• _Required work_
Take the lines of the data below from the very first through the line containing "#1326 = VERTEX_POINT ( 'NONE', #8781 ) ;" and output them exactly, pictures excluded.

Recorded data
= = = = = = =

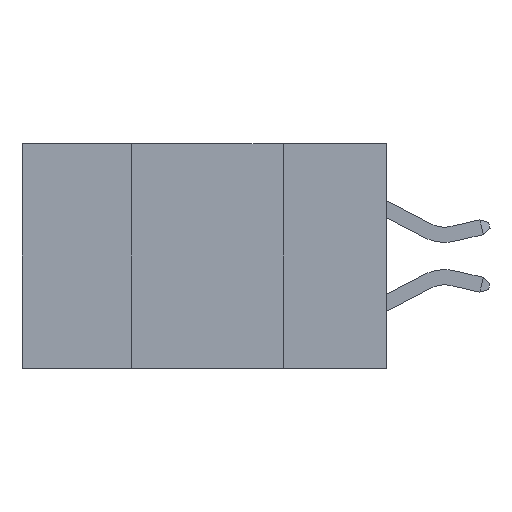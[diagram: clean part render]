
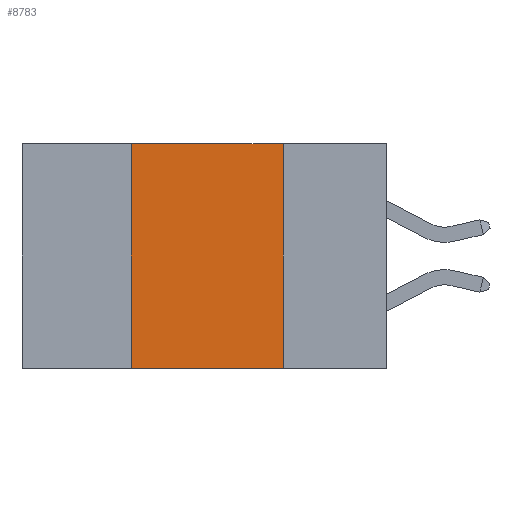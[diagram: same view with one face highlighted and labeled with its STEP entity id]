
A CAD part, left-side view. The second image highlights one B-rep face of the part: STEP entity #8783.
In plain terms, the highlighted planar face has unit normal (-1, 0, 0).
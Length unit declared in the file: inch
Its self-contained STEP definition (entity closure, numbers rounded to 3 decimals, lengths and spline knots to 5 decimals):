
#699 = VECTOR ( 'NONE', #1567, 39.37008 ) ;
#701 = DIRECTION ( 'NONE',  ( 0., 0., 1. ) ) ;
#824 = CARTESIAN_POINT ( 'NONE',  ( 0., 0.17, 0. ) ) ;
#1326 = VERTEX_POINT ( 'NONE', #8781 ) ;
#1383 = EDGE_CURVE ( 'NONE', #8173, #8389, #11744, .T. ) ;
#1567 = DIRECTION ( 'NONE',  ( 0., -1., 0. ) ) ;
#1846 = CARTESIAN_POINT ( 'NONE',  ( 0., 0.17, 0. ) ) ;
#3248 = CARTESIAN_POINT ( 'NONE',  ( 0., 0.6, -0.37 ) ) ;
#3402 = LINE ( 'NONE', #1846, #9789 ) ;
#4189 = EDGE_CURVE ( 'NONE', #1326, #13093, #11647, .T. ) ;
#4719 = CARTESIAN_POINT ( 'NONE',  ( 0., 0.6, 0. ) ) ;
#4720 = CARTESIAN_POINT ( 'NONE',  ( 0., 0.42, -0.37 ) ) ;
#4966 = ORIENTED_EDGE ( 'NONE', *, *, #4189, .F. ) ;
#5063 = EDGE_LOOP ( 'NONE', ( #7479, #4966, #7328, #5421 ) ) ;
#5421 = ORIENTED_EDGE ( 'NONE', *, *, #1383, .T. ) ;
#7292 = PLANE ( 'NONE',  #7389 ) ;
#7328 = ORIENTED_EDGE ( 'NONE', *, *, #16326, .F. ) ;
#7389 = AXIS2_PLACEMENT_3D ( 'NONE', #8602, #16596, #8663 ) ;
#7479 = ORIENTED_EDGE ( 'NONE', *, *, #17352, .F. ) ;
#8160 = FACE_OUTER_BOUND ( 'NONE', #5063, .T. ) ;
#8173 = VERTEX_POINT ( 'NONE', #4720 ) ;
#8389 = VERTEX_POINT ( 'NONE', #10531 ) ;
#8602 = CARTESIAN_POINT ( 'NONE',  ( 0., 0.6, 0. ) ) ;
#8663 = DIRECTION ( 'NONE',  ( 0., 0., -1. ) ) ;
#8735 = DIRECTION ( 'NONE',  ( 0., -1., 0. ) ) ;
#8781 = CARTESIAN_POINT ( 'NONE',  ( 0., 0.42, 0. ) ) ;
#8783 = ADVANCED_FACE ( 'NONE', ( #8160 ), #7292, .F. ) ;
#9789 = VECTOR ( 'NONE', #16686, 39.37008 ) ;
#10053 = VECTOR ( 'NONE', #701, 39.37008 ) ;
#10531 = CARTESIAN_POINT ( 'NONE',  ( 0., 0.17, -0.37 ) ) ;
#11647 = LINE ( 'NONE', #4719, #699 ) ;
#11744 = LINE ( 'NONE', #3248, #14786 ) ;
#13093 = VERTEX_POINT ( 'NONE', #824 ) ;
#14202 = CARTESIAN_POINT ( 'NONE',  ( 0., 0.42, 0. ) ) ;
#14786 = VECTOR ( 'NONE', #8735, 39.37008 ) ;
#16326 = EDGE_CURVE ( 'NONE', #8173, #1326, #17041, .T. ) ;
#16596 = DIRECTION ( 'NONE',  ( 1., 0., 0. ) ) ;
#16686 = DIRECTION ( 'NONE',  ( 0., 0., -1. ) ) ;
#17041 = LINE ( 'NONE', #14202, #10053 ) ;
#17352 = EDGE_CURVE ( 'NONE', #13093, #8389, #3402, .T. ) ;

= = = = = = =

• _Problem solution_
[diagram: clean part render]
[diagram: same view with one face highlighted and labeled with its STEP entity id]
A CAD part, left-side view. The second image highlights one B-rep face of the part: STEP entity #8783.
In plain terms, the highlighted planar face has unit normal (-1, 0, 0).
Length unit declared in the file: inch
Its self-contained STEP definition (entity closure, numbers rounded to 3 decimals, lengths and spline knots to 5 decimals):
#699 = VECTOR ( 'NONE', #1567, 39.37008 ) ;
#701 = DIRECTION ( 'NONE',  ( 0., 0., 1. ) ) ;
#824 = CARTESIAN_POINT ( 'NONE',  ( 0., 0.17, 0. ) ) ;
#1326 = VERTEX_POINT ( 'NONE', #8781 ) ;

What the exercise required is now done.